__TASK DIRECTIONS__
Stop after the line that contains "doc.units = ezdxf.units.MM". Until then, retype each line of the entries exactly from the first one, skipping pictures.

========

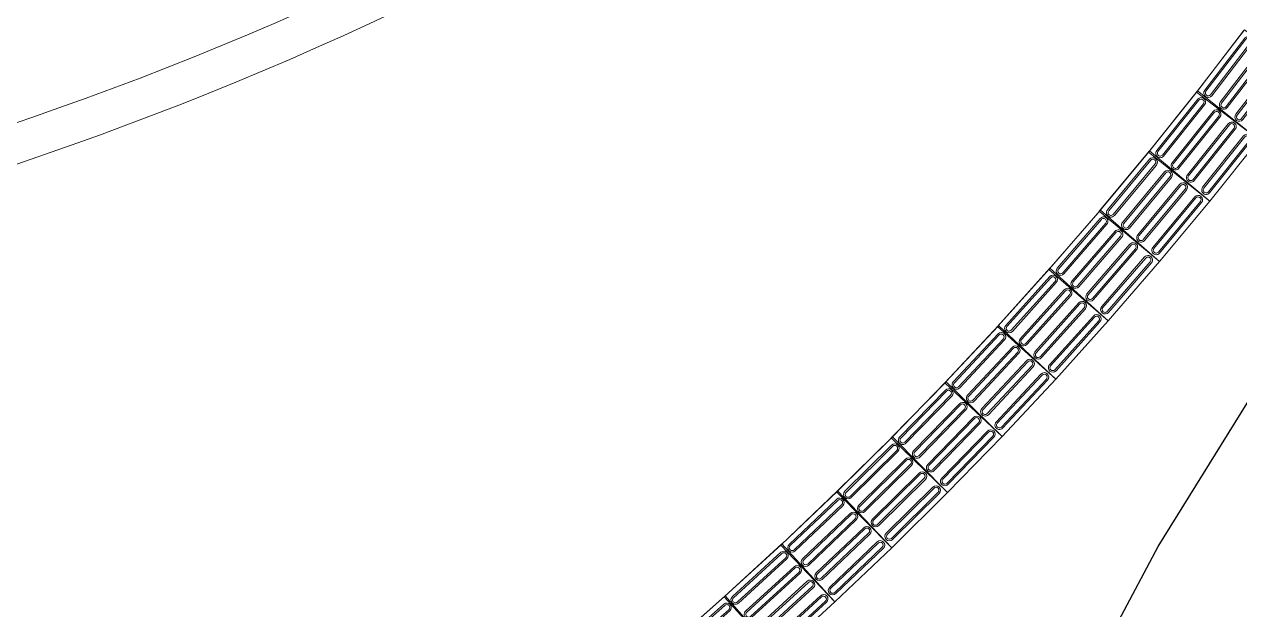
# Model space of a CAD drawing. Header units: millimetres. Extents: x 10569 to 232243, y -25347 to 80743.
# Drawn here: x 91085 to 95734, y 58404 to 60641 of the extents above; entities that cross this region are included whole.
import ezdxf

# ---------------------------------------------------------------- set-up
doc = ezdxf.new("R2010")
doc.units = ezdxf.units.MM
doc.layers.add('A-FLOR', color=192, linetype='Continuous', lineweight=9)
doc.layers.add('A-GENM', color=13, linetype='Continuous', lineweight=20)

# ---------------------------------------------------------------- blocks, each defined once
blk = doc.blocks.new('DLN_Tactile - Directional Tiles-V721-TENDER DRAFT G_F')
at = {"layer": 'A-GENM'}
for p, q in [((150, 150), (-150, 150)), ((-150, 150), (-150, -150)), ((-150, -150), (-150, 150)), ((-150, 150), (150, 150)), ((150, -150), (150, 150)), ((150, 147.1), (150, -147.1)), ((-129.5, 125.5), (-129.5, -125.5)), ((-123.5, -125.5), (-123.5, 125.5)), ((-101.5, 125.5), (-101.5, -125.5)), ((-95.5, -125.5), (-95.5, 125.5)), ((-54.5, 125.5), (-54.5, -125.5)), ((-48.5, -125.5), (-48.5, 125.5)), ((-26.5, 125.5), (-26.5, -125.5)), ((-20.5, -125.5), (-20.5, 125.5)), ((20.5, 125.5), (20.5, -125.5)), ((26.5, -125.5), (26.5, 125.5)), ((48.5, 125.5), (48.5, -125.5)), ((54.5, -125.5), (54.5, 125.5)), ((95.5, 125.5), (95.5, -125.5)), ((101.5, -125.5), (101.5, 125.5)), ((123.5, 125.5), (123.5, -125.5)), ((129.5, -125.5), (129.5, 125.5)), ((-150, -150), (150, -150)), ((150, -150), (-150, -150))]:
    blk.add_line(p, q, dxfattribs=at)
for centre, radius, start, end in [((-112.5, 125.5), 17, 360, 180), ((-37.5, 125.5), 17, 360, 180), ((37.5, 125.5), 17, 360, 180), ((112.5, 125.5), 17, 360, 180), ((-112.5, 125.5), 11, 360, 180), ((-37.5, 125.5), 11, 360, 180), ((37.5, 125.5), 11, 360, 180), ((112.5, 125.5), 11, 360, 180), ((-112.5, -125.5), 17, 180, 360), ((-112.5, -125.5), 11, 180, 360), ((-37.5, -125.5), 17, 180, 360), ((-37.5, -125.5), 11, 180, 360), ((37.5, -125.5), 17, 180, 360), ((37.5, -125.5), 11, 180, 360), ((112.5, -125.5), 17, 180, 360), ((112.5, -125.5), 11, 180, 360)]:
    blk.add_arc(centre, radius, start, end, dxfattribs=at)
blk = doc.blocks.new('DLN_Tactile - Directional Tiles-V722-TENDER DRAFT G_F')
at = {"layer": 'A-GENM'}
for p, q in [((150, 150), (-150, 150)), ((-150, 150), (-150, -150)), ((-150, -150), (-150, 150)), ((-150, 150), (150, 150)), ((150, -150), (150, 150)), ((150, 147.1), (150, -147)), ((-129.5, 125.5), (-129.5, -125.5)), ((-123.5, -125.5), (-123.5, 125.5)), ((-101.5, 125.5), (-101.5, -125.5)), ((-95.5, -125.5), (-95.5, 125.5)), ((-54.5, 125.5), (-54.5, -125.5)), ((-48.5, -125.5), (-48.5, 125.5)), ((-26.5, 125.5), (-26.5, -125.5)), ((-20.5, -125.5), (-20.5, 125.5)), ((20.5, 125.5), (20.5, -125.5)), ((26.5, -125.5), (26.5, 125.5)), ((48.5, 125.5), (48.5, -125.5)), ((54.5, -125.5), (54.5, 125.5)), ((95.5, 125.5), (95.5, -125.5)), ((101.5, -125.5), (101.5, 125.5)), ((123.5, 125.5), (123.5, -125.5)), ((129.5, -125.5), (129.5, 125.5)), ((-150, -150), (150, -150)), ((150, -150), (-150, -150))]:
    blk.add_line(p, q, dxfattribs=at)
for centre, radius, start, end in [((-112.5, 125.5), 17, 360, 180), ((-37.5, 125.5), 17, 360, 180), ((37.5, 125.5), 17, 360, 180), ((112.5, 125.5), 17, 360, 180), ((-112.5, 125.5), 11, 360, 180), ((-37.5, 125.5), 11, 360, 180), ((37.5, 125.5), 11, 360, 180), ((112.5, 125.5), 11, 360, 180), ((-112.5, -125.5), 17, 180, 360), ((-112.5, -125.5), 11, 180, 360), ((-37.5, -125.5), 17, 180, 360), ((-37.5, -125.5), 11, 180, 360), ((37.5, -125.5), 17, 180, 360), ((37.5, -125.5), 11, 180, 360), ((112.5, -125.5), 17, 180, 360), ((112.5, -125.5), 11, 180, 360)]:
    blk.add_arc(centre, radius, start, end, dxfattribs=at)
blk = doc.blocks.new('DLN_Tactile - Directional Tiles-V723-TENDER DRAFT G_F')
at = {"layer": 'A-GENM'}
for p, q in [((150, 150), (-150, 150)), ((-150, 150), (-150, -150)), ((-150, -150), (-150, 150)), ((-150, 150), (150, 150)), ((150, -150), (150, 150)), ((150, 147), (150, -147.3)), ((-129.5, 125.5), (-129.5, -125.5)), ((-123.5, -125.5), (-123.5, 125.5)), ((-101.5, 125.5), (-101.5, -125.5)), ((-95.5, -125.5), (-95.5, 125.5)), ((-54.5, 125.5), (-54.5, -125.5)), ((-48.5, -125.5), (-48.5, 125.5)), ((-26.5, 125.5), (-26.5, -125.5)), ((-20.5, -125.5), (-20.5, 125.5)), ((20.5, 125.5), (20.5, -125.5)), ((26.5, -125.5), (26.5, 125.5)), ((48.5, 125.5), (48.5, -125.5)), ((54.5, -125.5), (54.5, 125.5)), ((95.5, 125.5), (95.5, -125.5)), ((101.5, -125.5), (101.5, 125.5)), ((123.5, 125.5), (123.5, -125.5)), ((129.5, -125.5), (129.5, 125.5)), ((-150, -150), (150, -150)), ((150, -150), (-150, -150))]:
    blk.add_line(p, q, dxfattribs=at)
for centre, radius, start, end in [((-112.5, 125.5), 17, 360, 180), ((-37.5, 125.5), 17, 360, 180), ((37.5, 125.5), 17, 360, 180), ((112.5, 125.5), 17, 360, 180), ((-112.5, 125.5), 11, 360, 180), ((-37.5, 125.5), 11, 360, 180), ((37.5, 125.5), 11, 360, 180), ((112.5, 125.5), 11, 360, 180), ((-112.5, -125.5), 17, 180, 360), ((-112.5, -125.5), 11, 180, 360), ((-37.5, -125.5), 17, 180, 360), ((-37.5, -125.5), 11, 180, 360), ((37.5, -125.5), 17, 180, 360), ((37.5, -125.5), 11, 180, 360), ((112.5, -125.5), 17, 180, 360), ((112.5, -125.5), 11, 180, 360)]:
    blk.add_arc(centre, radius, start, end, dxfattribs=at)
blk = doc.blocks.new('DLN_Tactile - Directional Tiles-V724-TENDER DRAFT G_F')
at = {"layer": 'A-GENM'}
for p, q in [((150, 150), (-150, 150)), ((-150, 150), (-150, -150)), ((-150, -150), (-150, 150)), ((-150, 150), (150, 150)), ((150, -150), (150, 150)), ((150, 147.3), (150, -147)), ((-129.5, 125.5), (-129.5, -125.5)), ((-123.5, -125.5), (-123.5, 125.5)), ((-101.5, 125.5), (-101.5, -125.5)), ((-95.5, -125.5), (-95.5, 125.5)), ((-54.5, 125.5), (-54.5, -125.5)), ((-48.5, -125.5), (-48.5, 125.5)), ((-26.5, 125.5), (-26.5, -125.5)), ((-20.5, -125.5), (-20.5, 125.5)), ((20.5, 125.5), (20.5, -125.5)), ((26.5, -125.5), (26.5, 125.5)), ((48.5, 125.5), (48.5, -125.5)), ((54.5, -125.5), (54.5, 125.5)), ((95.5, 125.5), (95.5, -125.5)), ((101.5, -125.5), (101.5, 125.5)), ((123.5, 125.5), (123.5, -125.5)), ((129.5, -125.5), (129.5, 125.5)), ((-150, -150), (150, -150)), ((150, -150), (-150, -150))]:
    blk.add_line(p, q, dxfattribs=at)
for centre, radius, start, end in [((-112.5, 125.5), 17, 360, 180), ((-37.5, 125.5), 17, 360, 180), ((37.5, 125.5), 17, 360, 180), ((112.5, 125.5), 17, 360, 180), ((-112.5, 125.5), 11, 360, 180), ((-37.5, 125.5), 11, 360, 180), ((37.5, 125.5), 11, 360, 180), ((112.5, 125.5), 11, 360, 180), ((-112.5, -125.5), 17, 180, 360), ((-112.5, -125.5), 11, 180, 360), ((-37.5, -125.5), 17, 180, 360), ((-37.5, -125.5), 11, 180, 360), ((37.5, -125.5), 17, 180, 360), ((37.5, -125.5), 11, 180, 360), ((112.5, -125.5), 17, 180, 360), ((112.5, -125.5), 11, 180, 360)]:
    blk.add_arc(centre, radius, start, end, dxfattribs=at)
blk = doc.blocks.new('DLN_Tactile - Directional Tiles-V725-TENDER DRAFT G_F')
at = {"layer": 'A-GENM'}
for p, q in [((150, 150), (-150, 150)), ((-150, 150), (-150, -150)), ((-150, -150), (-150, 150)), ((-150, 150), (150, 150)), ((150, -150), (150, 150)), ((150, 147), (150, -147)), ((-129.5, 125.5), (-129.5, -125.5)), ((-123.5, -125.5), (-123.5, 125.5)), ((-101.5, 125.5), (-101.5, -125.5)), ((-95.5, -125.5), (-95.5, 125.5)), ((-54.5, 125.5), (-54.5, -125.5)), ((-48.5, -125.5), (-48.5, 125.5)), ((-26.5, 125.5), (-26.5, -125.5)), ((-20.5, -125.5), (-20.5, 125.5)), ((20.5, 125.5), (20.5, -125.5)), ((26.5, -125.5), (26.5, 125.5)), ((48.5, 125.5), (48.5, -125.5)), ((54.5, -125.5), (54.5, 125.5)), ((95.5, 125.5), (95.5, -125.5)), ((101.5, -125.5), (101.5, 125.5)), ((123.5, 125.5), (123.5, -125.5)), ((129.5, -125.5), (129.5, 125.5)), ((-150, -150), (150, -150)), ((150, -150), (-150, -150))]:
    blk.add_line(p, q, dxfattribs=at)
for centre, radius, start, end in [((-112.5, 125.5), 17, 360, 180), ((-37.5, 125.5), 17, 360, 180), ((37.5, 125.5), 17, 360, 180), ((112.5, 125.5), 17, 360, 180), ((-112.5, 125.5), 11, 360, 180), ((-37.5, 125.5), 11, 360, 180), ((37.5, 125.5), 11, 360, 180), ((112.5, 125.5), 11, 360, 180), ((-112.5, -125.5), 17, 180, 360), ((-112.5, -125.5), 11, 180, 360), ((-37.5, -125.5), 17, 180, 360), ((-37.5, -125.5), 11, 180, 360), ((37.5, -125.5), 17, 180, 360), ((37.5, -125.5), 11, 180, 360), ((112.5, -125.5), 17, 180, 360), ((112.5, -125.5), 11, 180, 360)]:
    blk.add_arc(centre, radius, start, end, dxfattribs=at)
blk = doc.blocks.new('DLN_Tactile - Directional Tiles-V726-TENDER DRAFT G_F')
at = {"layer": 'A-GENM'}
for p, q in [((150, 150), (-150, 150)), ((-150, 150), (-150, -150)), ((-150, -150), (-150, 150)), ((-150, 150), (150, 150)), ((150, -150), (150, 150)), ((150, 147), (150, -147.2)), ((-129.5, 125.5), (-129.5, -125.5)), ((-123.5, -125.5), (-123.5, 125.5)), ((-101.5, 125.5), (-101.5, -125.5)), ((-95.5, -125.5), (-95.5, 125.5)), ((-54.5, 125.5), (-54.5, -125.5)), ((-48.5, -125.5), (-48.5, 125.5)), ((-26.5, 125.5), (-26.5, -125.5)), ((-20.5, -125.5), (-20.5, 125.5)), ((20.5, 125.5), (20.5, -125.5)), ((26.5, -125.5), (26.5, 125.5)), ((48.5, 125.5), (48.5, -125.5)), ((54.5, -125.5), (54.5, 125.5)), ((95.5, 125.5), (95.5, -125.5)), ((101.5, -125.5), (101.5, 125.5)), ((123.5, 125.5), (123.5, -125.5)), ((129.5, -125.5), (129.5, 125.5)), ((-150, -150), (150, -150)), ((150, -150), (-150, -150))]:
    blk.add_line(p, q, dxfattribs=at)
for centre, radius, start, end in [((-112.5, 125.5), 17, 360, 180), ((-37.5, 125.5), 17, 360, 180), ((37.5, 125.5), 17, 360, 180), ((112.5, 125.5), 17, 360, 180), ((-112.5, 125.5), 11, 360, 180), ((-37.5, 125.5), 11, 360, 180), ((37.5, 125.5), 11, 360, 180), ((112.5, 125.5), 11, 360, 180), ((-112.5, -125.5), 17, 180, 360), ((-112.5, -125.5), 11, 180, 360), ((-37.5, -125.5), 17, 180, 360), ((-37.5, -125.5), 11, 180, 360), ((37.5, -125.5), 17, 180, 360), ((37.5, -125.5), 11, 180, 360), ((112.5, -125.5), 17, 180, 360), ((112.5, -125.5), 11, 180, 360)]:
    blk.add_arc(centre, radius, start, end, dxfattribs=at)
blk = doc.blocks.new('DLN_Tactile - Directional Tiles-V727-TENDER DRAFT G_F')
at = {"layer": 'A-GENM'}
for p, q in [((150, 150), (-150, 150)), ((-150, 150), (-150, -150)), ((-150, -150), (-150, 150)), ((-150, 150), (150, 150)), ((150, -150), (150, 150)), ((150, 147.2), (150, -147.1)), ((-129.5, 125.5), (-129.5, -125.5)), ((-123.5, -125.5), (-123.5, 125.5)), ((-101.5, 125.5), (-101.5, -125.5)), ((-95.5, -125.5), (-95.5, 125.5)), ((-54.5, 125.5), (-54.5, -125.5)), ((-48.5, -125.5), (-48.5, 125.5)), ((-26.5, 125.5), (-26.5, -125.5)), ((-20.5, -125.5), (-20.5, 125.5)), ((20.5, 125.5), (20.5, -125.5)), ((26.5, -125.5), (26.5, 125.5)), ((48.5, 125.5), (48.5, -125.5)), ((54.5, -125.5), (54.5, 125.5)), ((95.5, 125.5), (95.5, -125.5)), ((101.5, -125.5), (101.5, 125.5)), ((123.5, 125.5), (123.5, -125.5)), ((129.5, -125.5), (129.5, 125.5)), ((-150, -150), (150, -150)), ((150, -150), (-150, -150))]:
    blk.add_line(p, q, dxfattribs=at)
for centre, radius, start, end in [((-112.5, 125.5), 17, 360, 180), ((-37.5, 125.5), 17, 360, 180), ((37.5, 125.5), 17, 360, 180), ((112.5, 125.5), 17, 360, 180), ((-112.5, 125.5), 11, 360, 180), ((-37.5, 125.5), 11, 360, 180), ((37.5, 125.5), 11, 360, 180), ((112.5, 125.5), 11, 360, 180), ((-112.5, -125.5), 17, 180, 360), ((-112.5, -125.5), 11, 180, 360), ((-37.5, -125.5), 17, 180, 360), ((-37.5, -125.5), 11, 180, 360), ((37.5, -125.5), 17, 180, 360), ((37.5, -125.5), 11, 180, 360), ((112.5, -125.5), 17, 180, 360), ((112.5, -125.5), 11, 180, 360)]:
    blk.add_arc(centre, radius, start, end, dxfattribs=at)
blk = doc.blocks.new('DLN_Tactile - Directional Tiles-V728-TENDER DRAFT G_F')
at = {"layer": 'A-GENM'}
for p, q in [((150, 150), (-150, 150)), ((-150, 150), (-150, -150)), ((-150, -150), (-150, 150)), ((-150, 150), (150, 150)), ((150, -150), (150, 150)), ((150, 147.1), (150, -147)), ((-129.5, 125.5), (-129.5, -125.5)), ((-123.5, -125.5), (-123.5, 125.5)), ((-101.5, 125.5), (-101.5, -125.5)), ((-95.5, -125.5), (-95.5, 125.5)), ((-54.5, 125.5), (-54.5, -125.5)), ((-48.5, -125.5), (-48.5, 125.5)), ((-26.5, 125.5), (-26.5, -125.5)), ((-20.5, -125.5), (-20.5, 125.5)), ((20.5, 125.5), (20.5, -125.5)), ((26.5, -125.5), (26.5, 125.5)), ((48.5, 125.5), (48.5, -125.5)), ((54.5, -125.5), (54.5, 125.5)), ((95.5, 125.5), (95.5, -125.5)), ((101.5, -125.5), (101.5, 125.5)), ((123.5, 125.5), (123.5, -125.5)), ((129.5, -125.5), (129.5, 125.5)), ((-150, -150), (150, -150)), ((150, -150), (-150, -150))]:
    blk.add_line(p, q, dxfattribs=at)
for centre, radius, start, end in [((-112.5, 125.5), 17, 360, 180), ((-37.5, 125.5), 17, 360, 180), ((37.5, 125.5), 17, 360, 180), ((112.5, 125.5), 17, 360, 180), ((-112.5, 125.5), 11, 360, 180), ((-37.5, 125.5), 11, 360, 180), ((37.5, 125.5), 11, 360, 180), ((112.5, 125.5), 11, 360, 180), ((-112.5, -125.5), 17, 180, 360), ((-112.5, -125.5), 11, 180, 360), ((-37.5, -125.5), 17, 180, 360), ((-37.5, -125.5), 11, 180, 360), ((37.5, -125.5), 17, 180, 360), ((37.5, -125.5), 11, 180, 360), ((112.5, -125.5), 17, 180, 360), ((112.5, -125.5), 11, 180, 360)]:
    blk.add_arc(centre, radius, start, end, dxfattribs=at)
blk = doc.blocks.new('DLN_Tactile - Directional Tiles-V729-TENDER DRAFT G_F')
at = {"layer": 'A-GENM'}
for p, q in [((150, 150), (-150, 150)), ((-150, 150), (-150, -150)), ((-150, -150), (-150, 150)), ((-150, 150), (150, 150)), ((150, -150), (150, 150)), ((150, 147), (150, -147.1)), ((-129.5, 125.5), (-129.5, -125.5)), ((-123.5, -125.5), (-123.5, 125.5)), ((-101.5, 125.5), (-101.5, -125.5)), ((-95.5, -125.5), (-95.5, 125.5)), ((-54.5, 125.5), (-54.5, -125.5)), ((-48.5, -125.5), (-48.5, 125.5)), ((-26.5, 125.5), (-26.5, -125.5)), ((-20.5, -125.5), (-20.5, 125.5)), ((20.5, 125.5), (20.5, -125.5)), ((26.5, -125.5), (26.5, 125.5)), ((48.5, 125.5), (48.5, -125.5)), ((54.5, -125.5), (54.5, 125.5)), ((95.5, 125.5), (95.5, -125.5)), ((101.5, -125.5), (101.5, 125.5)), ((123.5, 125.5), (123.5, -125.5)), ((129.5, -125.5), (129.5, 125.5)), ((-150, -150), (150, -150)), ((150, -150), (-150, -150))]:
    blk.add_line(p, q, dxfattribs=at)
for centre, radius, start, end in [((-112.5, 125.5), 17, 360, 180), ((-37.5, 125.5), 17, 360, 180), ((37.5, 125.5), 17, 360, 180), ((112.5, 125.5), 17, 360, 180), ((-112.5, 125.5), 11, 360, 180), ((-37.5, 125.5), 11, 360, 180), ((37.5, 125.5), 11, 360, 180), ((112.5, 125.5), 11, 360, 180), ((-112.5, -125.5), 17, 180, 360), ((-112.5, -125.5), 11, 180, 360), ((-37.5, -125.5), 17, 180, 360), ((-37.5, -125.5), 11, 180, 360), ((37.5, -125.5), 17, 180, 360), ((37.5, -125.5), 11, 180, 360), ((112.5, -125.5), 17, 180, 360), ((112.5, -125.5), 11, 180, 360)]:
    blk.add_arc(centre, radius, start, end, dxfattribs=at)
blk = doc.blocks.new('DLN_Tactile - Directional Tiles-V730-TENDER DRAFT G_F')
at = {"layer": 'A-GENM'}
for p, q in [((150, 150), (-150, 150)), ((-150, 150), (-150, -150)), ((-150, -150), (-150, 150)), ((-150, 150), (150, 150)), ((150, -150), (150, 150)), ((150, 147.1), (150, -147)), ((-129.5, 125.5), (-129.5, -125.5)), ((-123.5, -125.5), (-123.5, 125.5)), ((-101.5, 125.5), (-101.5, -125.5)), ((-95.5, -125.5), (-95.5, 125.5)), ((-54.5, 125.5), (-54.5, -125.5)), ((-48.5, -125.5), (-48.5, 125.5)), ((-26.5, 125.5), (-26.5, -125.5)), ((-20.5, -125.5), (-20.5, 125.5)), ((20.5, 125.5), (20.5, -125.5)), ((26.5, -125.5), (26.5, 125.5)), ((48.5, 125.5), (48.5, -125.5)), ((54.5, -125.5), (54.5, 125.5)), ((95.5, 125.5), (95.5, -125.5)), ((101.5, -125.5), (101.5, 125.5)), ((123.5, 125.5), (123.5, -125.5)), ((129.5, -125.5), (129.5, 125.5)), ((-150, -150), (150, -150)), ((150, -150), (-150, -150))]:
    blk.add_line(p, q, dxfattribs=at)
for centre, radius, start, end in [((-112.5, 125.5), 17, 360, 180), ((-37.5, 125.5), 17, 360, 180), ((37.5, 125.5), 17, 360, 180), ((112.5, 125.5), 17, 360, 180), ((-112.5, 125.5), 11, 360, 180), ((-37.5, 125.5), 11, 360, 180), ((37.5, 125.5), 11, 360, 180), ((112.5, 125.5), 11, 360, 180), ((-112.5, -125.5), 17, 180, 360), ((-112.5, -125.5), 11, 180, 360), ((-37.5, -125.5), 17, 180, 360), ((-37.5, -125.5), 11, 180, 360), ((37.5, -125.5), 17, 180, 360), ((37.5, -125.5), 11, 180, 360), ((112.5, -125.5), 17, 180, 360), ((112.5, -125.5), 11, 180, 360)]:
    blk.add_arc(centre, radius, start, end, dxfattribs=at)
blk = doc.blocks.new('DLN_Tactile - Directional Tiles-V731-TENDER DRAFT G_F')
at = {"layer": 'A-GENM'}
for p, q in [((150, 150), (-150, 150)), ((-150, 150), (-150, -150)), ((-150, -150), (-150, 150)), ((-150, 150), (150, 150)), ((150, -150), (150, 150)), ((150, 150), (150, 147)), ((150, 147), (150, -145.5)), ((-129.5, 125.5), (-129.5, -125.5)), ((-123.5, -125.5), (-123.5, 125.5)), ((-101.5, 125.5), (-101.5, -125.5)), ((-95.5, -125.5), (-95.5, 125.5)), ((-54.5, 125.5), (-54.5, -125.5)), ((-48.5, -125.5), (-48.5, 125.5)), ((-26.5, 125.5), (-26.5, -125.5)), ((-20.5, -125.5), (-20.5, 125.5)), ((20.5, 125.5), (20.5, -125.5)), ((26.5, -125.5), (26.5, 125.5)), ((48.5, 125.5), (48.5, -125.5)), ((54.5, -125.5), (54.5, 125.5)), ((95.5, 125.5), (95.5, -125.5)), ((101.5, -125.5), (101.5, 125.5)), ((123.5, 125.5), (123.5, -125.5)), ((129.5, -125.5), (129.5, 125.5)), ((-150, -150), (150, -150)), ((150, -150), (-150, -150)), ((150, -145.5), (150, -150))]:
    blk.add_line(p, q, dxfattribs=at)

========

__RESULT BELOW__
# Model space of a CAD drawing. Header units: millimetres. Extents: x 10569 to 232243, y -25347 to 80743.
# Drawn here: x 91085 to 95734, y 58404 to 60641 of the extents above; entities that cross this region are included whole.
import ezdxf

# ---------------------------------------------------------------- set-up
doc = ezdxf.new("R2010")
doc.units = ezdxf.units.MM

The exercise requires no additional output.